Having a standard would allow hardware manufacturers as well as game devs to
come into sync.

Establish a clear casual,mid level, hardcore specs every couple years and the
software will be able to anticipate what it will be running on when it's
released. Now GPU,CPU and SoC manufacturers will be confident that if they
release hardware that conforms to each spec they certify their hardware will
run at a given level. Now ARM licensees will be able to make sure the right
components are integrated and they progress in the direction the consumers
want/need.

Valve is more of a publisher than a hardware manufacturer anyway, they will
likely be much happier just sitting back and offering OS images than make a
gripe about who gets to make the physical box.
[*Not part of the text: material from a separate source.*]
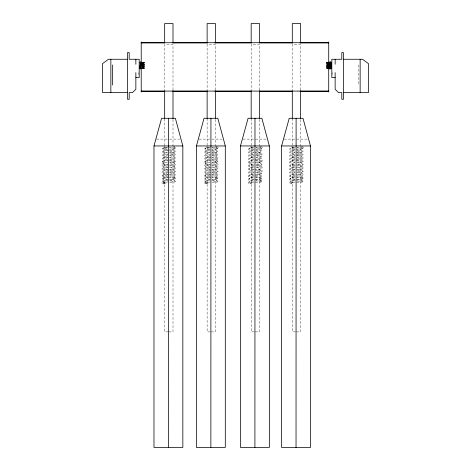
<?xml version="1.0" encoding="UTF-8"?>
<svg xmlns="http://www.w3.org/2000/svg" width="471" height="471" viewBox="0 0 471 471"><rect width="100%" height="100%" fill="white"/><g stroke="black" fill="none" stroke-linecap="round" stroke-linejoin="round"><path stroke-width="0.35" stroke-dasharray="2.35 1.77" d="M169.695 179.221C177.261 180.263 177.608 174.988 169.695 176.089M212.156 179.221C219.716 180.263 220.063 174.988 212.156 176.089M255.394 179.298C264.207 180.022 264.514 175.241 255.376 176.013M297.325 179.221C304.884 180.263 305.232 174.988 297.319 176.089M169.69 182.53C177.19 183.59 177.555 178.285 169.69 179.392M212.15 182.53C219.645 183.59 220.01 178.285 212.15 179.392M255.394 182.607C264.125 183.354 264.461 178.538 255.376 179.316M296.518 182.607C305.255 183.354 305.585 178.538 296.506 179.316M164.874 146.781L164.768 146.946A0.807 0.53 -84.6 0 1 164.108 146.993L164.014 146.846A0.807 0.53 -84.6 0 1 163.949 146.675M207.334 146.781L207.228 146.946A0.842 0.553 -84.6 0 1 206.539 146.999M251.373 146.781L251.273 146.946A0.842 0.553 -84.6 0 1 250.578 146.999L250.513 146.846A0.842 0.553 -84.6 0 1 250.413 146.664M292.497 146.781L292.397 146.946A0.807 0.53 -84.6 0 1 291.737 146.993L291.637 146.846A0.807 0.53 -84.6 0 1 291.578 146.675M174.435 146.923C174.517 149.289 173.858 147.447 169.536 147.623M163.001 163.113L163.29 162.377L162.831 161.812L167.246 162.371M205.462 163.113L205.745 162.377L205.285 161.812L209.701 162.371M260.934 146.923C261.016 149.289 260.363 147.447 256.036 147.623M249.506 163.113L249.306 163.172C249.989 160.782 249.324 162.489 253.745 162.371M302.064 146.923C302.141 149.289 301.487 147.447 297.16 147.623M174.511 177.043C174.529 179.427 173.116 177.396 169.531 177.714M216.972 177.043C216.984 179.427 215.577 177.396 211.991 177.714M261.011 177.043L260.863 177.114C261.799 179.851 258.19 176.772 255.223 177.638M302.141 177.043C302.329 179.757 300.569 177.037 296.347 177.638M260.975 180.34C261.117 182.913 258.832 180.481 255.223 180.958M302.099 180.34L301.787 181.005L302.199 181.623L296.347 180.958M164.579 183.814L164.732 183.731A0.842 0.636 -83.9 0 0 165.062 182.795L165.009 182.595A0.807 0.606 -83.9 0 0 164.332 182.218L164.179 182.306A0.807 0.606 -83.9 0 0 163.867 183.201M169.69 149.113C169.972 148.889 178.197 149.26 175.041 146.611M167.9 160.917C159.863 159.84 160.152 165.239 167.911 164.102M216.895 146.923L216.607 147.664L217.066 148.241L211.991 147.623M217.325 148.512L218.232 147.629L217.502 146.611M210.354 160.917C202.324 159.84 202.612 165.239 210.366 164.102M175.082 178.586L175.442 178.415M261.364 148.512L262.276 147.629L261.546 146.611M253.586 160.994C246.592 160.063 246.869 165.009 253.598 164.026M217.543 178.586L217.902 178.415M302.488 148.512L303.401 147.629L302.67 146.611M294.711 160.994C287.716 160.063 287.999 165.009 294.722 164.026M261.588 178.586L261.941 178.415M302.712 178.586L303.071 178.415M175.035 181.9L175.389 181.735M217.496 181.9L217.849 181.735M261.535 181.9L261.894 181.735M302.659 181.9L303.018 181.735M212.144 149.113L217.249 148.53M255.376 159.116C264.414 159.928 264.466 155.018 255.394 155.813C264.343 156.549 264.39 151.697 255.394 152.486C264.296 153.269 264.308 148.359 255.394 149.177L261.293 148.53M297.313 149.113L302.417 148.53M174.6 148.583L175.065 148.453M162.371 161.588L162.842 161.459M217.06 148.583L217.525 148.453M204.832 161.588L205.303 161.459M261.105 148.583L261.564 148.453M169.707 175.895C177.602 176.984 177.496 171.632 169.701 172.745M174.553 177.025L169.554 177.591M248.876 161.588L249.347 161.459M302.229 148.583L302.688 148.453M212.162 175.895C220.057 176.984 219.957 171.632 212.162 172.745M217.013 177.025L212.015 177.591M290.001 161.588L290.472 161.459M255.394 175.971C264.561 176.707 264.384 171.891 255.376 172.669C264.337 173.416 264.661 168.506 255.382 169.295C264.396 170.072 264.661 165.103 255.388 165.91C264.437 166.693 264.614 161.718 255.388 162.524C264.325 163.249 264.708 158.456 255.394 159.157M261.052 177.025L256.059 177.591M261.016 180.322L256.047 180.888M297.331 175.895C305.226 176.984 305.12 171.632 297.331 172.745M302.176 177.025L297.183 177.591M302.141 180.322L297.172 180.888M174.382 146.94L169.531 147.458M216.843 146.94L211.985 147.458M163.066 163.101L167.246 162.642M260.881 146.94L256.03 147.458M205.521 163.101L209.701 162.642M302.005 146.94L297.154 147.458M249.565 163.101L253.745 162.642M167.923 147.606C160.34 146.481 160.116 151.833 167.929 150.749M167.287 149.336C163.16 149.36 163.284 150.696 163.166 148.565M167.917 150.908C160.175 149.76 160.222 155.189 167.929 154.046M169.531 150.755C176.16 148.224 176.172 153.44 169.542 150.903M210.384 147.606C203.778 146.357 201.9 151.462 209.595 150.679M167.276 152.622C162.495 153.293 163.466 153.328 163.131 151.868L167.287 152.333M169.684 152.392C177.379 153.546 177.402 148.1 169.695 149.254M209.748 149.336C205.621 149.36 205.739 150.696 205.627 148.565M167.906 154.223C160.111 153.087 160.158 158.509 167.923 157.367M169.536 154.07L174.659 153.452L174.199 154.029L174.653 154.812L169.548 154.194M210.372 150.908C203.501 150.025 201.776 154.441 209.595 153.97M211.991 150.755C218.621 148.224 218.632 153.44 211.997 150.903M253.639 147.682C247.051 146.711 246.833 151.603 253.639 150.679M167.264 155.93C161.612 158.138 161.641 153.446 167.276 155.66M169.69 155.701C177.426 156.843 177.473 151.421 169.701 152.563M209.736 152.622C204.956 153.293 205.927 153.328 205.586 151.868L209.748 152.333M212.144 152.392C219.833 153.546 219.863 148.1 212.156 149.254M253.787 149.336C249.836 149.59 249.347 150.408 249.913 148.636L249.465 148.512L253.798 149.03M167.9 157.561C160.052 156.419 160.093 161.883 167.917 160.723M169.542 157.402C176.354 154.971 176.313 159.94 169.554 157.52M210.366 154.223C202.571 153.087 202.612 158.509 210.384 157.367M211.997 154.07C218.679 151.544 218.674 156.713 212.009 154.194M253.622 150.979C246.898 149.996 246.934 154.953 253.633 153.97M256.03 150.755C262.659 148.224 262.677 153.44 256.041 150.903M167.252 159.269C161.553 161.494 161.565 156.761 167.258 159.004M169.695 159.039C177.496 160.187 177.538 154.753 169.713 155.889M294.764 147.682C288.175 146.711 287.958 151.603 294.764 150.679M209.725 155.93C204.061 158.144 204.096 153.44 209.73 155.66M212.144 155.701C219.886 156.843 219.933 151.421 212.162 152.563M253.781 152.622C248.17 154.835 248.205 150.125 253.787 152.333M169.548 160.758C173.658 160.723 175.224 159.345 174.347 161.353M294.917 149.336C290.96 149.59 290.472 150.408 291.037 148.636L290.79 148.565M210.36 157.561C202.512 156.419 202.554 161.883 210.372 160.723M212.003 157.402C218.815 154.971 218.774 159.94 212.015 157.52M253.61 154.3C246.833 153.322 246.875 158.274 253.622 157.29M256.036 154.07C263.407 151.686 262.341 156.867 255.241 154.117M169.701 162.413C177.455 163.537 177.726 158.168 169.719 159.233M294.746 150.979C288.022 149.996 288.058 154.953 294.758 153.97M297.154 150.755C303.783 148.224 303.801 153.44 297.166 150.903M209.707 159.269C204.014 161.494 204.025 156.761 209.719 159.004M212.156 159.039C219.951 160.187 219.992 154.753 212.168 155.889M253.763 155.93C248.117 158.144 248.135 153.434 253.775 155.66M167.9 164.291C159.746 163.549 159.922 168.247 167.906 167.488M169.56 164.138L174.806 163.496L174.341 164.067L174.77 164.879L169.56 164.255M294.905 152.622C289.288 154.847 289.324 150.119 294.911 152.333M297.313 152.392C306.138 152.975 304.401 148.206 296.518 149.177M212.009 160.758L217.225 160.128L216.766 160.693L217.213 161.5L212.021 160.876M253.598 157.638C246.78 156.655 246.81 161.641 253.61 160.646M256.041 157.402C262.853 154.971 262.818 159.94 256.059 157.52M168.059 165.951L162.801 166.557L163.272 165.975L162.801 165.191L167.234 165.751M169.707 165.798C177.708 166.557 177.85 161.865 169.719 162.601M294.734 154.3C287.958 153.322 287.999 158.274 294.746 157.29M297.16 154.07C304.666 151.892 303.371 156.755 296.365 154.117M212.162 162.413C219.91 163.537 220.187 158.168 212.174 159.233M253.751 159.269C249 159.987 249.813 159.94 249.53 158.521L253.757 159.004M167.9 167.682C159.728 166.946 159.963 171.615 167.906 170.867M169.566 167.523L174.818 166.881L174.347 167.452L174.759 168.265L169.554 167.647M294.887 155.93C289.241 158.144 289.259 153.434 294.899 155.66M297.313 155.701C306.197 156.266 304.472 151.532 296.518 152.486M210.354 164.291C202.206 163.549 202.377 168.247 210.36 167.488M212.021 164.138L217.266 163.496L216.801 164.067L217.231 164.879L212.015 164.255M255.223 160.841C259.645 161.223 261.387 158.874 261.099 161.423M168.065 169.336L162.831 169.937C163.413 167.493 162.831 169.313 167.234 169.142M169.713 169.177C177.679 169.937 177.885 165.244 169.719 165.986M294.722 157.638C287.905 156.655 287.94 161.641 294.734 160.646M297.166 157.402C303.907 154.865 303.907 160.04 297.183 157.52M210.519 165.951L205.262 166.557L205.733 165.975L205.256 165.191L209.695 165.751M212.168 165.798C220.169 166.557 220.304 161.865 212.18 162.601M167.911 171.061C159.757 170.349 160.016 174.959 167.906 174.223M169.566 170.908C175.23 170.808 174.105 169.348 174.765 171.621L169.542 171.02M294.875 159.269C289.176 161.494 289.188 156.761 294.887 159.004M297.319 159.039C306.28 159.616 304.525 154.865 296.518 155.813M210.36 167.682C202.189 166.946 202.424 171.615 210.36 170.867M212.027 167.523L217.278 166.881L216.801 167.452L217.219 168.265L212.009 167.647M253.581 164.373C246.663 163.36 246.816 168.435 253.592 167.411M256.059 164.138C261.77 163.996 260.557 162.607 261.317 164.862L255.235 164.179M168.076 172.698C161.947 175.289 160.911 170.29 167.24 172.516M169.713 172.545C177.626 173.287 177.879 168.647 169.713 169.372M296.347 160.841C300.551 160.958 303.059 159.163 301.97 161.353M210.525 169.336C204.337 171.944 203.331 166.905 209.689 169.142M212.168 169.177C220.134 169.937 220.34 165.244 212.174 165.986M253.751 166.028L249.3 166.557L249.777 165.975L249.3 165.191L253.734 165.751M167.917 174.423C159.975 173.322 160.328 178.597 167.911 177.561M169.566 174.264C176.266 171.962 176.466 176.519 169.536 174.376M294.87 162.642C288.988 164.838 289.094 160.228 294.87 162.371M297.331 162.413C306.227 162.978 304.743 158.28 296.518 159.157M210.366 171.061C202.218 170.349 202.471 174.959 210.366 174.223M212.027 170.908C217.684 170.808 216.56 169.348 217.225 171.621L212.003 171.02M253.586 167.758C246.645 166.758 246.851 171.803 253.598 170.79M256.065 167.523C261.782 167.405 260.593 165.969 261.305 168.247L255.229 167.564M168.082 176.048L162.925 176.643L163.39 176.048L163.078 175.389M294.705 164.373C287.787 163.36 287.94 168.435 294.716 167.411M297.183 164.138C302.894 163.996 301.687 162.607 302.441 164.862L296.359 164.179M210.531 172.698C204.408 175.289 203.372 170.29 209.695 172.516M212.168 172.545C220.087 173.287 220.334 168.647 212.168 169.372M253.757 169.413L249.33 169.937L249.795 169.354L249.3 168.577L253.734 169.142M167.923 177.744C160.04 176.643 160.393 181.93 167.923 180.882M294.875 166.028L290.43 166.557L290.901 165.975L290.424 165.191L294.858 165.751M297.336 165.798C305.332 166.557 305.473 161.865 297.342 162.601M210.378 174.423C202.436 173.322 202.783 178.597 210.372 177.561M212.021 174.264C218.727 171.962 218.921 176.519 211.997 174.376M253.592 171.138C246.674 170.155 246.904 175.147 253.61 174.146M256.065 170.908L261.299 170.266L260.816 170.826L261.222 171.638L255.223 170.944M168.088 179.374C163.955 178.962 163.096 181.241 163.125 178.697M294.711 167.758C287.769 166.758 287.981 171.803 294.722 170.79M297.189 167.523L302.447 166.881L301.97 167.452L302.382 168.265L296.353 167.564M210.543 176.048L205.38 176.643L205.851 176.048L205.539 175.389M253.775 172.775C248.046 175.018 248.005 170.249 253.739 172.516M167.923 181.041C165.651 179.993 157.732 182.895 164.414 183.849M169.548 180.888L174.664 180.252L174.329 180.411C175.088 182.972 172.51 180.405 169.525 181.029M294.881 169.413L290.454 169.937C291.043 167.493 290.46 169.313 294.858 169.142M297.336 169.177C305.302 169.937 305.508 165.244 297.342 165.986M210.384 177.744C203.466 176.525 202.147 181.565 209.595 180.805M253.61 174.5C246.704 173.552 247.028 178.374 253.622 177.485M256.065 174.264L261.258 173.628L260.763 174.176L261.17 174.988L255.223 174.299M167.311 182.754L163.013 183.266L163.466 182.648L163.149 181.983M294.722 171.138C287.799 170.155 288.028 175.147 294.734 174.146M297.195 170.908C302.93 170.79 301.687 169.354 302.394 171.621L296.353 170.944M210.549 179.374C207.475 178.774 205.032 181.3 205.697 178.762L205.391 178.603L209.725 179.163M253.787 176.125C250.925 175.595 249.371 177.879 249.695 175.459L249.389 175.294L253.751 175.854M294.899 172.775C289.176 175.018 289.129 170.249 294.864 172.516M297.336 172.545C305.255 173.287 305.502 168.647 297.336 169.372M210.384 181.041C208.105 179.993 200.193 182.895 206.875 183.849M212.009 180.888L217.125 180.252L216.79 180.411C217.549 182.972 214.97 180.405 211.985 181.029M253.622 177.82C246.769 176.872 247.092 181.706 253.633 180.805M294.734 174.5C287.822 173.528 288.17 178.444 294.746 177.485M297.189 174.264L302.382 173.628L301.887 174.176L302.294 174.988L296.347 174.299M209.766 182.754L205.474 183.266L205.927 182.648L205.609 181.983M253.798 179.451C249.836 179.239 249.748 181.047 249.624 178.697M294.911 176.125L290.548 176.643L291.019 176.048L290.513 175.294L294.875 175.854M253.628 181.111C250.872 179.951 245.05 183.331 250.919 183.849M294.746 177.82C287.893 176.872 288.217 181.706 294.764 180.805M253.81 182.754C250.931 182.271 249.483 184.479 249.765 182.053L249.459 181.894L250.996 182.189M294.923 179.451L290.595 179.963L291.066 179.357L290.748 178.697M295.553 181.041C293.274 179.993 285.361 182.895 292.044 183.849M294.934 182.754C292.055 182.271 290.607 184.479 290.89 182.053L290.583 181.894L292.12 182.189M142.189 62.113L144.185 62.148L144.185 68.754L140.853 68.754M328.146 62.113L326.815 62.148L326.815 68.754L328.811 68.754M142.189 62.302L144.185 62.302M326.815 62.302L328.146 62.302M142.189 62.407L144.185 62.407M326.815 62.407L329.482 62.407M142.195 62.637L144.185 62.637M326.815 62.637L328.146 62.637M142.189 62.702L144.185 62.702M326.815 62.702L328.146 62.702M142.189 62.767L144.185 62.767M326.815 62.767L328.146 62.767M142.107 62.878L144.185 62.878M326.815 62.878L328.205 62.878M142.189 62.961L144.185 62.961M326.815 62.961L328.146 62.961M140.717 63.073L144.185 63.073M326.815 63.073L328.205 63.073M140.853 63.291L144.185 63.291M326.815 63.291L328.811 63.291M140.853 63.385L144.185 63.385M326.815 63.385L329.482 63.385M142.107 63.52L144.185 63.52L140.717 63.538M140.853 63.638L144.185 63.638M326.815 63.638L329.482 63.638M142.189 63.909L144.185 63.909M326.815 63.909L328.146 63.909M142.189 64.027L144.185 64.027M326.815 64.027L328.146 64.027M142.107 64.186L144.185 64.186M326.815 64.186L328.205 64.186M142.107 64.291L144.185 64.291M326.815 64.291L328.205 64.291M142.189 64.627L144.185 64.627M326.815 64.627L328.146 64.627M142.107 64.792L144.185 64.792M326.815 64.792L328.205 64.792M142.189 64.857L144.185 64.857M326.815 64.857L328.146 64.857M142.189 65.139L144.185 65.139M326.815 65.139L328.146 65.139M140.853 65.334L144.185 65.334M326.815 65.334L328.811 65.334M142.189 65.475L144.185 65.475M326.815 65.475L328.146 65.475M140.853 65.722L144.185 65.722M326.815 65.722L328.811 65.722M142.189 66.011L144.185 66.04M326.815 66.011L328.146 66.04M142.189 66.24L144.185 66.24M326.815 66.24L328.146 66.24M142.189 66.576L144.185 66.576M326.815 66.576L328.146 66.576M142.189 66.741L144.185 66.741M326.815 66.741L328.146 66.741M142.189 66.841L144.185 66.841M326.815 66.841L328.146 66.841M142.189 66.953L144.185 66.953M326.815 66.953L328.146 66.953M142.189 67.223L144.185 67.223M326.815 67.223L328.146 67.223M142.189 67.347L144.185 67.318M326.815 67.347L328.146 67.318M142.189 67.506L144.185 67.506M326.815 67.506L328.146 67.506M142.189 67.571L144.185 67.571M326.815 67.571L328.146 67.571M140.853 67.795L144.185 67.795M326.815 67.795L328.811 67.795M142.189 67.918L144.185 67.918M326.815 67.918L328.146 67.918M140.853 67.989L144.185 67.989M326.815 67.989L328.811 67.989M142.189 68.107L144.185 68.107M326.815 68.107L328.146 68.107M140.853 68.16L144.185 68.16M326.815 68.16L329.482 68.16M142.189 68.224L144.185 68.224M326.815 68.224L328.146 68.224M142.189 68.454L144.185 68.454M326.815 68.454L328.146 68.454M142.189 68.56L144.185 68.56M326.815 68.56L328.146 68.56M142.189 68.713L144.185 68.713M326.815 68.713L328.146 68.713M156.578 139.116L168.901 139.116M169.507 139.116L179.598 139.116M199.056 139.116L211.361 139.116M211.968 139.116L222.059 139.116M243.077 139.116L266.097 139.116M284.201 139.116L307.222 139.116M168.118 331.884L164.673 331.884L164.673 118.651M168.842 331.884L173.004 331.884L173.004 118.651M210.219 331.884L207.128 331.884L207.128 118.651M211.296 331.884L215.465 331.884L215.465 118.651M254.263 331.884L251.173 331.884L251.173 118.651M255.341 331.884L259.503 331.884L259.503 118.651M295.388 331.884L292.297 331.884L292.297 118.651M296.465 331.884L300.633 331.884L300.633 118.651M291.991 147.135L294.764 147.399M294.923 149.03L290.848 148.583M250.866 147.135L253.633 147.399M206.822 147.135L209.595 147.399M209.754 149.03L205.68 148.583M164.367 147.135L167.923 147.47M297.183 160.876L302.164 161.412M167.293 149.03L163.219 148.583M256.059 160.876L261.04 161.412M169.56 160.876L174.753 161.5M294.887 179.163L290.707 178.674M253.763 179.163L249.583 178.674M209.707 175.854L205.497 175.365M167.252 175.854L163.037 175.365M167.264 179.163L163.084 178.674M206.952 182.189L205.568 181.965M164.491 182.189L163.107 181.965M290.171 150.096L290.636 150.225M249.047 150.096L249.512 150.225M260.846 161.353L261.299 161.482M205.009 150.096L205.468 150.225M217.213 159.775L217.684 159.905M216.807 161.353L217.261 161.482M289.771 176.749L290.13 176.919M289.824 180.081L290.183 180.246M289.871 183.384L290.23 183.549M248.7 180.081L249.059 180.246M248.747 183.384L249.1 183.549M204.661 180.081L205.015 180.246M204.708 183.384L205.062 183.549M162.201 180.081L162.56 180.246M162.248 183.384L162.601 183.549M248.647 176.749L249.006 176.919M204.602 176.749L204.962 176.919M162.148 176.749L162.507 176.919M358.343 64.951L358.343 85.033M332.644 72.646L332.644 74.312M300.633 89.973L300.633 44.386L292.297 44.386L292.297 89.973M259.503 89.973L259.503 44.386L251.173 44.386L251.173 89.973M215.465 89.973L215.465 44.386L207.128 44.386L207.128 89.973M173.004 89.973L173.004 44.386L164.673 44.386L164.673 89.973M138.356 72.646L138.356 74.312M164.591 183.772A0.807 0.606 -83.9 0 1 163.914 183.396M164.95 146.587A0.842 0.553 -84.6 0 1 164.874 146.781M207.199 183.684A0.807 0.606 -83.9 0 0 207.517 182.789L207.47 182.595A0.807 0.606 -83.9 0 0 206.793 182.218L206.639 182.306A0.807 0.606 -83.9 0 0 206.322 183.201M207.052 183.772A0.807 0.606 -83.9 0 1 206.375 183.396M207.405 146.587A0.842 0.553 -84.6 0 1 207.334 146.781M206.439 146.846A0.842 0.553 -84.6 0 1 206.375 146.664M251.243 183.684A0.807 0.606 -83.9 0 0 251.561 182.789L251.508 182.595A0.807 0.606 -83.9 0 0 250.831 182.218L250.678 182.306A0.807 0.606 -83.9 0 0 250.366 183.201M251.096 183.772A0.807 0.606 -83.9 0 1 250.419 183.396M251.449 146.587A0.842 0.553 -84.6 0 1 251.373 146.781M291.49 183.201A0.807 0.606 -83.9 0 1 291.808 182.301L291.955 182.218A0.807 0.606 -83.9 0 1 292.632 182.595L292.685 182.795A0.842 0.636 -83.9 0 1 292.356 183.731L292.203 183.814A0.842 0.636 -83.9 0 1 291.49 183.425M292.573 146.587A0.842 0.553 -84.6 0 1 292.497 146.781M174.706 176.955L174.364 177.114L174.706 176.955M217.166 176.955L216.825 177.114L217.166 176.955M302.329 176.955L301.993 177.114L302.329 176.955M261.17 180.252L260.828 180.411L261.17 180.252M163.254 163.043L162.801 163.172L163.254 163.043M205.715 163.043L205.262 163.172L205.715 163.043M174.635 146.87L174.193 146.993L174.635 146.87M217.096 146.87L216.648 146.993L217.096 146.87M261.134 146.87L260.693 146.993L261.134 146.87M302.264 146.87L301.817 146.993L302.264 146.87M328.205 63.52L326.815 63.52L328.205 63.538M205.868 148.636L205.427 148.512L205.868 148.636M163.413 148.636L162.966 148.512L163.413 148.636M290.895 178.762L290.56 178.603L290.895 178.762M249.771 178.762L249.436 178.603L249.771 178.762M205.756 182.053L205.415 181.894L205.756 182.053M163.272 178.762L162.931 178.603L163.272 178.762M163.296 182.053L162.96 181.894L163.296 182.053M205.686 175.459L205.344 175.294L205.686 175.459M163.225 175.459L162.884 175.294L163.225 175.459"/><path stroke-width="0.71" d="M168.483 118.28L168.412 447.45M210.937 118.28L210.867 447.45M254.982 118.28L254.911 447.45M296.106 118.28L296.035 447.45M153.976 145.957L161.588 118.28L175.371 118.28L182.842 145.957L182.842 447.45L153.976 447.45L153.976 145.957L182.842 145.957M196.436 145.957L204.043 118.28L217.832 118.28L225.303 145.957L225.303 447.45L196.436 447.45L196.436 145.957L225.303 145.957M240.475 145.957L248.087 118.28L261.87 118.28L269.347 145.957L269.347 447.45L240.475 447.45L240.475 145.957L269.347 145.957M281.605 145.957L289.212 118.28L303 118.28L310.471 145.957L310.471 447.45L281.605 447.45L281.605 145.957L310.471 145.957M330.978 64.027L330.147 64.627L328.811 64.627M141.218 42.72L328.717 42.72M141.218 42.879L164.744 42.879M172.833 42.879L207.393 42.879M214.747 42.879L251.514 42.879M259.598 42.879L292.685 42.879M300.039 42.879L328.717 42.879M127.517 59.264L108.442 59.264L102.519 63.667L102.519 92.593L127.517 92.593M343.483 59.264L362.558 59.264L368.481 63.667L368.481 92.593L343.483 92.593M140.853 62.113L140.864 62.637L140.853 62.148L140.022 62.407L140.853 62.407M328.811 62.148L330.978 62.148L330.978 68.754L328.811 68.754L330.978 68.713M140.022 62.302L140.853 62.302M328.811 62.302L330.978 62.302M328.811 62.702L330.978 62.702M140.022 62.878L141.412 62.878M328.811 63.291L330.978 63.291M140.022 63.52L141.412 63.52M328.811 63.909L330.147 63.909M328.811 64.027L330.147 64.027M140.022 64.291L141.412 64.291M328.811 64.857L330.978 64.857M140.853 65.139L140.022 65.139L140.022 68.754L140.853 68.754L140.022 68.713M328.811 65.334L330.147 65.334M328.811 65.722L330.978 65.722M140.022 66.011L140.853 66.011M328.811 66.04L330.147 66.04M328.811 66.576L330.978 66.576L328.811 66.741M140.022 66.841L140.853 66.841M328.811 67.318L330.978 67.347M140.022 67.571L140.853 67.571M328.811 67.795L330.147 67.795M328.811 67.989L330.978 67.989M328.811 68.107L330.147 68.107M140.022 68.16L140.853 68.16M328.811 68.454L330.978 68.454M140.022 68.56L140.853 68.56M328.811 68.56L330.978 68.56M135.854 77.591L139.186 77.591L139.186 59.264L129.189 59.264L129.189 52.593L127.517 52.593L127.517 99.263L129.189 99.263L129.189 92.593L132.522 92.593L135.854 89.26L135.854 72.593M335.146 77.591L331.814 77.591L331.814 59.264L341.811 59.264L341.811 52.593L343.483 52.593L343.483 99.263L341.811 99.263L341.811 92.593L338.478 92.593L335.146 89.26L335.146 72.593M141.218 91.091L328.717 91.091M141.218 91.25L164.744 91.25M172.833 91.25L207.393 91.25M214.747 91.25L251.514 91.25M259.598 91.25L292.685 91.25M300.039 91.25L328.717 91.25M360.144 59.264L360.144 92.593M335.146 59.264L335.146 64.262M330.147 61.978L330.147 68.884M328.717 41.943L328.717 92.022M300.633 42.949L300.633 23.55L292.297 23.55L292.297 42.949M300.633 90.709L300.633 118.651M292.297 90.709L292.297 118.651M259.503 42.949L259.503 23.55L251.173 23.55L251.173 42.949M259.503 90.709L259.503 118.651M251.173 90.709L251.173 118.651M215.465 42.949L215.465 23.55L207.128 23.55L207.128 42.949M215.465 90.709L215.465 118.651M207.128 90.709L207.128 118.651M173.004 42.949L173.004 23.55L164.673 23.55L164.673 42.949M173.004 90.709L173.004 118.651M164.673 90.709L164.673 118.651M141.218 41.943L141.218 92.022M140.853 61.978L140.853 68.884M135.854 59.264L135.854 64.262M112.657 64.951L112.657 85.033M110.856 59.264L110.856 92.593M330.147 62.113L330.136 62.637L330.147 62.148"/></g></svg>

I personally would be excited about a variety of boxes. The companies that are
currently on the cusp of ARM components that already have the grunt to play
casual to mid level gaming and without need for a battery/display/fancy case
they can do it for much cheaper. Go to your local big box store and pick up a
mid level gaming system with WIFI/HTPC capabilities plus abilities to connect
to a wide selection of cloud services and your good to go.

If we could get Valve to make a mechanism that would allow the resale/trading
of games I honestly believe the market would soar. If there was a Valve
sponsored "swap meet area" it would allow for people to become much more
involved and if any money was actually made it would likely be dumped right
back at the Seam Store. I guess that is a discussion for another day but ya a
standard would not be a bad thing.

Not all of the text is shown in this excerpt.